Any boost to living standards from continued positive real wage growth and improvements to public services is likely to be largely offset by the effects of sticky inflation and high household costs. Any improvement would be in the aftermath of a prolonged period of declining living standards and, as such, households are unlikely to feel any material change. Poor productivity remains the main longstanding barrier to delivering sustainably higher wages and a sustained improvement in living standards.

  1. Higher, more volatile global prices could become the norm

A key uncertainty for 2025 is how Donald Trump’s new presidency will shape global political and economic events. Higher, more volatile prices could become the norm amid a shift away from globalisation. New US tariffs would not be terminal for the UK economy overall, given that most UK exports to the US are services, which would be largely unaffected by tariffs. However, the damage to the global economy from possible retaliation from other countries in tit-for-tat trade tariffs could notably weaken growth, partly through higher inflation. Elsewhere, Europe’s economy faces a potentially difficult 2025, given the political uncertainty in France and Germany, two of the region’s biggest economies. The outlook for China will largely depend on the success of its stimulus measures in boosting its property market and overall confidence.

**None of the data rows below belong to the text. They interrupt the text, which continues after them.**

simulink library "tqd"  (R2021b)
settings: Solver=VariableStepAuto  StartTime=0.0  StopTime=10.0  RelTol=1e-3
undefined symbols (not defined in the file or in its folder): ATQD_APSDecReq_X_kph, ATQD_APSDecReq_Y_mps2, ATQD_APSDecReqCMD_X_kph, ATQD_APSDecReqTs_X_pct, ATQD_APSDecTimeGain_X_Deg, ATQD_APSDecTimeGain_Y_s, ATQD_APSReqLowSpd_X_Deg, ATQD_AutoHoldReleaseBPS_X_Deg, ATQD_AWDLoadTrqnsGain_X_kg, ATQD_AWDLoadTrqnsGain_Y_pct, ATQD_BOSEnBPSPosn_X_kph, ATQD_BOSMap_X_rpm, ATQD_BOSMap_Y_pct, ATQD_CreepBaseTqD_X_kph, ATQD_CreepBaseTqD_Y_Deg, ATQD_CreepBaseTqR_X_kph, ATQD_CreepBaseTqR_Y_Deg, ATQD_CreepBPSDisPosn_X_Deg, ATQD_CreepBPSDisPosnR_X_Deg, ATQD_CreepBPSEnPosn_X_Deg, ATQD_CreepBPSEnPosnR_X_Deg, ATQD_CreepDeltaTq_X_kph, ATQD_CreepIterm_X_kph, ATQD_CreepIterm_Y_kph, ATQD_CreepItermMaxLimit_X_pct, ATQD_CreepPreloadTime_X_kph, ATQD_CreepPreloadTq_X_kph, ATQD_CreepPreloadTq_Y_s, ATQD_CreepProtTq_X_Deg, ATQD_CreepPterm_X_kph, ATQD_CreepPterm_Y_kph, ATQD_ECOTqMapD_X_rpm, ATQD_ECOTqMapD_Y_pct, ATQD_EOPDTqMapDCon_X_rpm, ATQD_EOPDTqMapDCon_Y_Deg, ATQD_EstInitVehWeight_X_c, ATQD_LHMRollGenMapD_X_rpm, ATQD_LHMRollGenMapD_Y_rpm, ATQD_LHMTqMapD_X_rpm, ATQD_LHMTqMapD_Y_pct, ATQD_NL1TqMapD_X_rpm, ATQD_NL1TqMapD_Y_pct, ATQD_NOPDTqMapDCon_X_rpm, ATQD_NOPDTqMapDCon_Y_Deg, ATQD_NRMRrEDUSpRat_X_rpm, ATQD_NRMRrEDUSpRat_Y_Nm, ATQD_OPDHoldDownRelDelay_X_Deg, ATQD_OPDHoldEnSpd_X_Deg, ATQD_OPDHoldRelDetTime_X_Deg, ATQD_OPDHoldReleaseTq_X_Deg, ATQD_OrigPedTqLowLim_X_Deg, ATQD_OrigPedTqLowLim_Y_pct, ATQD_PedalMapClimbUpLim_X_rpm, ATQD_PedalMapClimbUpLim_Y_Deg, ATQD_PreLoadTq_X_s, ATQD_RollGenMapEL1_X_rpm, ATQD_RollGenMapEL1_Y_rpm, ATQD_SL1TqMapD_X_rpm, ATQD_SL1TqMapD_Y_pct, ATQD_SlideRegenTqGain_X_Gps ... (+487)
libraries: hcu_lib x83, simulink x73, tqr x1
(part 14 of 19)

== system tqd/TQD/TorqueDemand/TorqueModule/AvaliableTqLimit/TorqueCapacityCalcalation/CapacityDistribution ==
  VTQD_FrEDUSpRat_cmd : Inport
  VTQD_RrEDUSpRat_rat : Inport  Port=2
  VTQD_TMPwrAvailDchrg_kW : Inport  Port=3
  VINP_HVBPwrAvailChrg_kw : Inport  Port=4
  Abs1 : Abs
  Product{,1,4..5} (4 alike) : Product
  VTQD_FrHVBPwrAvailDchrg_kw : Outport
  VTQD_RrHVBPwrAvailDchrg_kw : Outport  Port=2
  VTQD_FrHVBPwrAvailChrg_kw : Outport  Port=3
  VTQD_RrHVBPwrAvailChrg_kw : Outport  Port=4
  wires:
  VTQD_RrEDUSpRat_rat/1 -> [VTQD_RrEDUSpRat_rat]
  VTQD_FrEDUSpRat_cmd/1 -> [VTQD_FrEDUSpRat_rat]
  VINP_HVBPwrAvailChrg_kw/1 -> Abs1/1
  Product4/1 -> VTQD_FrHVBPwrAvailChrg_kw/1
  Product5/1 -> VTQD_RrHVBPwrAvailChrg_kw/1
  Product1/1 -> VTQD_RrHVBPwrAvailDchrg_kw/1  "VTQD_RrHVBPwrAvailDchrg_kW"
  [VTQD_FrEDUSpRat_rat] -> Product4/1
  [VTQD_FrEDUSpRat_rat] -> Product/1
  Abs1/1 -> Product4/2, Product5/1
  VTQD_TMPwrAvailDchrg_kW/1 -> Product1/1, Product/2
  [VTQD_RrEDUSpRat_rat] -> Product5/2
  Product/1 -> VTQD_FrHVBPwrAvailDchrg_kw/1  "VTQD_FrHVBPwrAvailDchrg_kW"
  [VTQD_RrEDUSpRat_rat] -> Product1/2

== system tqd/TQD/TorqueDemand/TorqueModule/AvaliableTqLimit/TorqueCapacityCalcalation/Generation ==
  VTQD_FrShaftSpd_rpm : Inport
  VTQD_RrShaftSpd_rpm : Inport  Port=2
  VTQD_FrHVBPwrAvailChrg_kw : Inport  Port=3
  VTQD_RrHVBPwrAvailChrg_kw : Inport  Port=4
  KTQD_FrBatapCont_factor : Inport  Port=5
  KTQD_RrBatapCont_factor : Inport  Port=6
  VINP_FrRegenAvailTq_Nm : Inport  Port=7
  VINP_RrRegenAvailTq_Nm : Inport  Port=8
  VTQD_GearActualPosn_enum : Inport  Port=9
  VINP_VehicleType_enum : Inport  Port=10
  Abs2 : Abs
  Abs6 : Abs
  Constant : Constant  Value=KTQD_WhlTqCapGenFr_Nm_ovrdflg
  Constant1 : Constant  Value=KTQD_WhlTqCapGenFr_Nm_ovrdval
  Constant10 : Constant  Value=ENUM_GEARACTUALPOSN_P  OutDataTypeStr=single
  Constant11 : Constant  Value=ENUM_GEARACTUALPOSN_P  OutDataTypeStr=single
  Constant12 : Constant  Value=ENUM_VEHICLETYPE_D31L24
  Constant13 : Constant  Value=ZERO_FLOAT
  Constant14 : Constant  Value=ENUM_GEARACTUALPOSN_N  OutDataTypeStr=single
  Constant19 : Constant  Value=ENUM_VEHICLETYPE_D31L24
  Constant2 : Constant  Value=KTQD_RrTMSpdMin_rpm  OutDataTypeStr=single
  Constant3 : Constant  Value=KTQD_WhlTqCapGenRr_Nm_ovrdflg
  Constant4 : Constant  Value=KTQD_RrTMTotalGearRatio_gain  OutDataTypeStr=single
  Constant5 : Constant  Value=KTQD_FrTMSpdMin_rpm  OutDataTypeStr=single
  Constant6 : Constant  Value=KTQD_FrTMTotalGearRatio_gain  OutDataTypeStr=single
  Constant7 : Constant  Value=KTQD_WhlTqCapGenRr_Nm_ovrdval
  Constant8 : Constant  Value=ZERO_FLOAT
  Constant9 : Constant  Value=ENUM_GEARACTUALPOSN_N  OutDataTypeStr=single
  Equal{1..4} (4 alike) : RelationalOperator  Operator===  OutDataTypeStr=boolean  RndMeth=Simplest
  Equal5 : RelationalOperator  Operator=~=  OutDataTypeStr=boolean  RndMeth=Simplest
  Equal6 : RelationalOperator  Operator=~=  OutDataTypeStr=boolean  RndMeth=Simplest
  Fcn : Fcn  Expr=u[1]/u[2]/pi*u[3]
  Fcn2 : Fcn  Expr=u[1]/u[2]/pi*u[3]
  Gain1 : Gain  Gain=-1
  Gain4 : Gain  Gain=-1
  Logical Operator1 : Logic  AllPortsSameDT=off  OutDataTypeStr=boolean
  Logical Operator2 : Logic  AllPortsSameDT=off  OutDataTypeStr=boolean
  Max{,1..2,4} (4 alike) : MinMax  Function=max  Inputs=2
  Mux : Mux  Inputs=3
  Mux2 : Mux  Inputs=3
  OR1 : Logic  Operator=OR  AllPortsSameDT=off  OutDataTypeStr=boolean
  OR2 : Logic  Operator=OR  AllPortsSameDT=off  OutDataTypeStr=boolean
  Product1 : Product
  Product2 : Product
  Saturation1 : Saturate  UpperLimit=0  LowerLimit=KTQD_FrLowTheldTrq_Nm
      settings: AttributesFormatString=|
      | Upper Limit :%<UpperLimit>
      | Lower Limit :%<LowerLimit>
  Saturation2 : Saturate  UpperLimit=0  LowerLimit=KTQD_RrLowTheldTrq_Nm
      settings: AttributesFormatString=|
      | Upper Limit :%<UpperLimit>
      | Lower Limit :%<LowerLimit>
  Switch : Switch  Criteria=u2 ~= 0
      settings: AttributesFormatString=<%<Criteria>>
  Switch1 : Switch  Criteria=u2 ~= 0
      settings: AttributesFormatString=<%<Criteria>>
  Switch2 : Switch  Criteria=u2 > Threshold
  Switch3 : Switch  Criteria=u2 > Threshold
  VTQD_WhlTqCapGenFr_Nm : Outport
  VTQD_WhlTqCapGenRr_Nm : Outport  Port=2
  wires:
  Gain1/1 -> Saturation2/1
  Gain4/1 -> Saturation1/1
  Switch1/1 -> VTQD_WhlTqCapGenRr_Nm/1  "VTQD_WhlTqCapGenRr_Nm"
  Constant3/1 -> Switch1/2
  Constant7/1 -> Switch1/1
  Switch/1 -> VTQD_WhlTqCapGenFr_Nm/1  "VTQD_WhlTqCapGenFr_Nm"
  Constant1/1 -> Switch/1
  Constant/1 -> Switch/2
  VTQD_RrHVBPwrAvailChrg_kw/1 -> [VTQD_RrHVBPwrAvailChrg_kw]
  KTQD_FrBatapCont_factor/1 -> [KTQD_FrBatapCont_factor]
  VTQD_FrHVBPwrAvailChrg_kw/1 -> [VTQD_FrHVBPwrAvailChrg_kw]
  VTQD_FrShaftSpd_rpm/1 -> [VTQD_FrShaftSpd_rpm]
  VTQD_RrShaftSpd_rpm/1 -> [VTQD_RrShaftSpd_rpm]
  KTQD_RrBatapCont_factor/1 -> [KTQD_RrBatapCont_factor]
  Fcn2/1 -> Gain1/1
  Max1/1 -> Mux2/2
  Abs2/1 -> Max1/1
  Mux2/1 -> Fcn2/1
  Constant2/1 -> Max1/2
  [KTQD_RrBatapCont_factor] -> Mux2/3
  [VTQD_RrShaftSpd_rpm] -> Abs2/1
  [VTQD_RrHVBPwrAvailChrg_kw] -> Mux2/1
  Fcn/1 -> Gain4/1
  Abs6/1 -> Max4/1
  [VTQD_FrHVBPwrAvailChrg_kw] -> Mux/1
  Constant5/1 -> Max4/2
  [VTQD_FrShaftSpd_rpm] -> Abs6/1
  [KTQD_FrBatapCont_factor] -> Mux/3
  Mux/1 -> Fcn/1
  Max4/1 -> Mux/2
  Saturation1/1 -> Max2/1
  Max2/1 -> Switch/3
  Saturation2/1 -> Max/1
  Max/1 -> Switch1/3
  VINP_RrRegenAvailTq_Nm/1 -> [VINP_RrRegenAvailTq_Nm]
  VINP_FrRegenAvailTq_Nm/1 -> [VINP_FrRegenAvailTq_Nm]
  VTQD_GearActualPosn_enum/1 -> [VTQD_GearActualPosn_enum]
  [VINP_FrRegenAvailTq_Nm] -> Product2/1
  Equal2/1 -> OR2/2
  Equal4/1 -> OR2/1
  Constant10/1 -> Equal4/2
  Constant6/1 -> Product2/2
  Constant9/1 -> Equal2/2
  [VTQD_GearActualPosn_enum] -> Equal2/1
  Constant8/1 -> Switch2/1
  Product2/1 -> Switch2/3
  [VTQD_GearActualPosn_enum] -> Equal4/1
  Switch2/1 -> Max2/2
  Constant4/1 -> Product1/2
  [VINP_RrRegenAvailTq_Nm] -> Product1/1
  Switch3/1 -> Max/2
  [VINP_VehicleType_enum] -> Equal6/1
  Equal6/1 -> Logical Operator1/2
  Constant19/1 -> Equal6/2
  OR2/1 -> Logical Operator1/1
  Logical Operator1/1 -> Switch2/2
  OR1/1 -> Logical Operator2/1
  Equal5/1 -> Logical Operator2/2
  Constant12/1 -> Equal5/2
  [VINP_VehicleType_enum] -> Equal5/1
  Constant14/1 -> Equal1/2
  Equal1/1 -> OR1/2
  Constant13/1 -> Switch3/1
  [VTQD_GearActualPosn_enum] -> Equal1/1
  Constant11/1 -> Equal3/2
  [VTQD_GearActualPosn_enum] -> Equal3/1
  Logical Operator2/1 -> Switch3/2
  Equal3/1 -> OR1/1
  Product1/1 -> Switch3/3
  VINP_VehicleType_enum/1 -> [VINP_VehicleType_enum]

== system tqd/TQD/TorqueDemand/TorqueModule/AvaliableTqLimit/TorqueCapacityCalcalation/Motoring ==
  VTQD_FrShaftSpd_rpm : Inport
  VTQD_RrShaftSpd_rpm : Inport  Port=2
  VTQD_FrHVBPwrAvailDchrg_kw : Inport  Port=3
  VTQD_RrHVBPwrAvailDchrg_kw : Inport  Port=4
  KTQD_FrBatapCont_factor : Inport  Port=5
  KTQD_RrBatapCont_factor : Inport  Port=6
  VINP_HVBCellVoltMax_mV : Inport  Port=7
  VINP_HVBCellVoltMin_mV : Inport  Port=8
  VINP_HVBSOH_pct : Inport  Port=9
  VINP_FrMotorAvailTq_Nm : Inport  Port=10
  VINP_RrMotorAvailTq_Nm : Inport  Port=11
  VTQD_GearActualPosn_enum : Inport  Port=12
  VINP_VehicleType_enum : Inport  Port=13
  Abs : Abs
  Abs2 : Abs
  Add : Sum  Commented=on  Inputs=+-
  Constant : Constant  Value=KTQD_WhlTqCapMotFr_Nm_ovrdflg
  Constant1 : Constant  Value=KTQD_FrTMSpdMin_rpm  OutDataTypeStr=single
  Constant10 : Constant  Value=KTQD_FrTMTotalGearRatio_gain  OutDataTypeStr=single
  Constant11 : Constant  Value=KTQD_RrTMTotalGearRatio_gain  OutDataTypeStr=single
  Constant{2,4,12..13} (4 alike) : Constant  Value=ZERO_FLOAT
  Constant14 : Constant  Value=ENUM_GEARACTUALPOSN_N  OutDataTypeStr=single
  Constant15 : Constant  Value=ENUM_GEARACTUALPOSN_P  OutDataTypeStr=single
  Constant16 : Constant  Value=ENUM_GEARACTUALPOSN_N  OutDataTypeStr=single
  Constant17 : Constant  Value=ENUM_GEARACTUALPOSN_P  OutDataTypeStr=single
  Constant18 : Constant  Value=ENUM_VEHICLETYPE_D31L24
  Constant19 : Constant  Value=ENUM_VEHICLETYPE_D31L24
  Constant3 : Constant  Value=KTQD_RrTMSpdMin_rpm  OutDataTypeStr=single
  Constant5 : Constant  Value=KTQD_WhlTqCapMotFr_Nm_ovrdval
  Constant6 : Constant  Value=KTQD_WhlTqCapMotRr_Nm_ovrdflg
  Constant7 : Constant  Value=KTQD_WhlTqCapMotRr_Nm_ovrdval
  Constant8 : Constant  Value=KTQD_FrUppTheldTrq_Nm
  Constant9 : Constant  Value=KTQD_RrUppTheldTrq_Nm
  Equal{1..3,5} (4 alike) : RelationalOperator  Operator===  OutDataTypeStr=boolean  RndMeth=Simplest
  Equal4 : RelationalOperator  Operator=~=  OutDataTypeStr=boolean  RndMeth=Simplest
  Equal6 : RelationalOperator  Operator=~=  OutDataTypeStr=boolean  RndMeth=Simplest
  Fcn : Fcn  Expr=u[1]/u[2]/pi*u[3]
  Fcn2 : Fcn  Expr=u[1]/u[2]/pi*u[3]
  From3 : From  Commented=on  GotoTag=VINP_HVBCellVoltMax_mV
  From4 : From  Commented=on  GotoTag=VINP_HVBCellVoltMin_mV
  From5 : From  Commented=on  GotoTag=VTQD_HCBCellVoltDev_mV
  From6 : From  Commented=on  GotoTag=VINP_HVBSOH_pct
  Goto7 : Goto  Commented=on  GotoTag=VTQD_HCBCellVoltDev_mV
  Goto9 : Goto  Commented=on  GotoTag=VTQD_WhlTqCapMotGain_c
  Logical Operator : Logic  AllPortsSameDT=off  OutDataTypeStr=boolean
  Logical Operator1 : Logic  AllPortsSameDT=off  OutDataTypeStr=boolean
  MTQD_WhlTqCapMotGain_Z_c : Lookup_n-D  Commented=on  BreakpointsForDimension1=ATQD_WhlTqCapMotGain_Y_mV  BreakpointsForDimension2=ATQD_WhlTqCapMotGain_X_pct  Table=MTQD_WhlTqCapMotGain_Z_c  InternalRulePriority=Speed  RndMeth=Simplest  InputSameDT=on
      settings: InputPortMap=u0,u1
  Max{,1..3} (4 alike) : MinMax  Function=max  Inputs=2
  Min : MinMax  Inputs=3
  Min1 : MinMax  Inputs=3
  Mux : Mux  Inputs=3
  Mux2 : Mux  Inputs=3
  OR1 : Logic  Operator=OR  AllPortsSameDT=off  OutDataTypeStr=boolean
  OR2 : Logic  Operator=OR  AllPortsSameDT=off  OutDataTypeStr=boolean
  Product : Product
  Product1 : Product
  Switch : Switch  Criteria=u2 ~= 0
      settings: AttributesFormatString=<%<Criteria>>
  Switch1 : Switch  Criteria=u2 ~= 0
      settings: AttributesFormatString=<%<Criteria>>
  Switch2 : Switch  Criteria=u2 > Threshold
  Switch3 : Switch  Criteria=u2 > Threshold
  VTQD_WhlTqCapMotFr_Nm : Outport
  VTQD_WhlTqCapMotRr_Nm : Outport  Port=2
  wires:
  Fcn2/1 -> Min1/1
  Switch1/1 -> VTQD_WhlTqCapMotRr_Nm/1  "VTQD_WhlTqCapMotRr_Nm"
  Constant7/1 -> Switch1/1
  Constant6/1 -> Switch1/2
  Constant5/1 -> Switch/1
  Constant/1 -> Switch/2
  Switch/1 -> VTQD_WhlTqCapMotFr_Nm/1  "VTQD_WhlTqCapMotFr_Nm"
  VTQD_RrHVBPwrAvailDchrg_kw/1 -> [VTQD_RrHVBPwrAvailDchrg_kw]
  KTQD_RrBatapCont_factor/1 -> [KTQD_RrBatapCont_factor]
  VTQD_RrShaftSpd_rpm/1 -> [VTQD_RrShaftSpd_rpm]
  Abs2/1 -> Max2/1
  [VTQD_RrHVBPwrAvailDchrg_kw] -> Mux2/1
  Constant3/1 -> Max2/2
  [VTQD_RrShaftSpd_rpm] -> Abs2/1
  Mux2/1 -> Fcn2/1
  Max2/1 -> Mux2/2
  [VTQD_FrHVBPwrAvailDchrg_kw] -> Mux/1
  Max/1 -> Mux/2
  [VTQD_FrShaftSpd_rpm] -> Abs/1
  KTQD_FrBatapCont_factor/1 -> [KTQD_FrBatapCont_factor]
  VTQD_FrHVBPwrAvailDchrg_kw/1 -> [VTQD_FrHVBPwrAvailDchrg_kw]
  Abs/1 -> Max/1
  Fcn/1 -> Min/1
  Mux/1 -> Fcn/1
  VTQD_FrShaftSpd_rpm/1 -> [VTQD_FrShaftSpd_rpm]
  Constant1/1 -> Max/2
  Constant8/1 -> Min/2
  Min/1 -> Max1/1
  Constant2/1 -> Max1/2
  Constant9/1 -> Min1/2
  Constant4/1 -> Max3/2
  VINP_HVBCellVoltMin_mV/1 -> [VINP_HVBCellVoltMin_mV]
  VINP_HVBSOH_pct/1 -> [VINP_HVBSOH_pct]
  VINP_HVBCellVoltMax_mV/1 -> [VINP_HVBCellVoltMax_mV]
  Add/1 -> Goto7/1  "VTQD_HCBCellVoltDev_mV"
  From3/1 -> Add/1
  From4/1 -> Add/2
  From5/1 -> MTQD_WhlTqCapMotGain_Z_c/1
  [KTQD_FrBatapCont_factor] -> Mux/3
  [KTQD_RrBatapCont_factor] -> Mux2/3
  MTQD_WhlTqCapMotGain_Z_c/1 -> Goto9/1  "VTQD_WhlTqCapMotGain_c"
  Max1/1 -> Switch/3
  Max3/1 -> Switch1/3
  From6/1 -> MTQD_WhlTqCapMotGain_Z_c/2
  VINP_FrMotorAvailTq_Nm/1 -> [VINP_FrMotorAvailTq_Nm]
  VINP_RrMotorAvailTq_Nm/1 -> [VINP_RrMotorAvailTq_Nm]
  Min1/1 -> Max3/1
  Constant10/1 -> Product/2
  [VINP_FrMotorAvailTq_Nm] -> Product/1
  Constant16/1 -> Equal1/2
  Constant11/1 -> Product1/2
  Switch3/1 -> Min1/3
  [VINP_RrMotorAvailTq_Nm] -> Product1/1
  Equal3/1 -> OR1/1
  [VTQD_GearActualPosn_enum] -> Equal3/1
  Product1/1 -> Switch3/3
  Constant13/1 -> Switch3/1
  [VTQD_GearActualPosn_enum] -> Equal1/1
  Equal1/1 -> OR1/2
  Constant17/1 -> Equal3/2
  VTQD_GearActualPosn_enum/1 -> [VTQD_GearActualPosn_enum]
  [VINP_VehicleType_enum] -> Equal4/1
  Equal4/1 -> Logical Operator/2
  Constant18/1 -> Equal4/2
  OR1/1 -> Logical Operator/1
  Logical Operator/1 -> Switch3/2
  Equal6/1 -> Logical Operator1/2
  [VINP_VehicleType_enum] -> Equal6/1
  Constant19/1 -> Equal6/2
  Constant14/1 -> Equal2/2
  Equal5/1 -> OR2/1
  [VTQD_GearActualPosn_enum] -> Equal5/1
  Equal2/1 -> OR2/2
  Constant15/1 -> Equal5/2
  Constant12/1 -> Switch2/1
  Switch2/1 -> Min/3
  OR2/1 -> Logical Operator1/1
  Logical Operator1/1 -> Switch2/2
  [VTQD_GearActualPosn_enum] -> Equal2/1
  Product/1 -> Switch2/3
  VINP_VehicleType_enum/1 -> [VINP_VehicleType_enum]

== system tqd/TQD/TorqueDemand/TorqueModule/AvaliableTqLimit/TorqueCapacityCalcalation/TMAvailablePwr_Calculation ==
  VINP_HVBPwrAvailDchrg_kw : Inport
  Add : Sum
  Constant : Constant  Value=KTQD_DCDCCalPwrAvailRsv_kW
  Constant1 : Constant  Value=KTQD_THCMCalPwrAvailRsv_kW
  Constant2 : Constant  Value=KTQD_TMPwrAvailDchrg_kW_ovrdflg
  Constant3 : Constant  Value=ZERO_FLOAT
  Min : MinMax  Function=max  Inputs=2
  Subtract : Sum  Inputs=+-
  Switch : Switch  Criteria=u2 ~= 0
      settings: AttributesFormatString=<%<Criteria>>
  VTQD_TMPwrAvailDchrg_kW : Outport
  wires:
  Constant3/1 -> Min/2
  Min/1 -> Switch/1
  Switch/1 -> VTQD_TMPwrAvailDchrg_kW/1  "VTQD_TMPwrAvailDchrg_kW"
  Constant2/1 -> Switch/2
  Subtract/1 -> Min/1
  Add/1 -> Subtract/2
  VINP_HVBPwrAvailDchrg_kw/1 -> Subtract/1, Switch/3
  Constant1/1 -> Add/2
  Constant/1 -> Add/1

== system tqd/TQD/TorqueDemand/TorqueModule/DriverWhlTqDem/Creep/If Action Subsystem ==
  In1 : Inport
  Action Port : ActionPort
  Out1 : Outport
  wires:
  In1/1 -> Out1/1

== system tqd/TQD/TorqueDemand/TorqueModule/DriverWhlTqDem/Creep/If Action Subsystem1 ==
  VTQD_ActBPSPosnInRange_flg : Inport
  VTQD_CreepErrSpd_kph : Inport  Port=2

UK economy – what to watch for this month

ICAEW’s Business Confidence Monitor, one of the most comprehensive quarterly surveys of UK business activity, will release its findings for the fourth quarter of 2024 on 15 January. On the same day, December’s inflation figures are expected to reveal a slight rise in the headline rate. Meanwhile, the UK GDP figures for November 2024, set to be published on 16 January, are anticipated to show a return to growth following monthly declines in both October and September.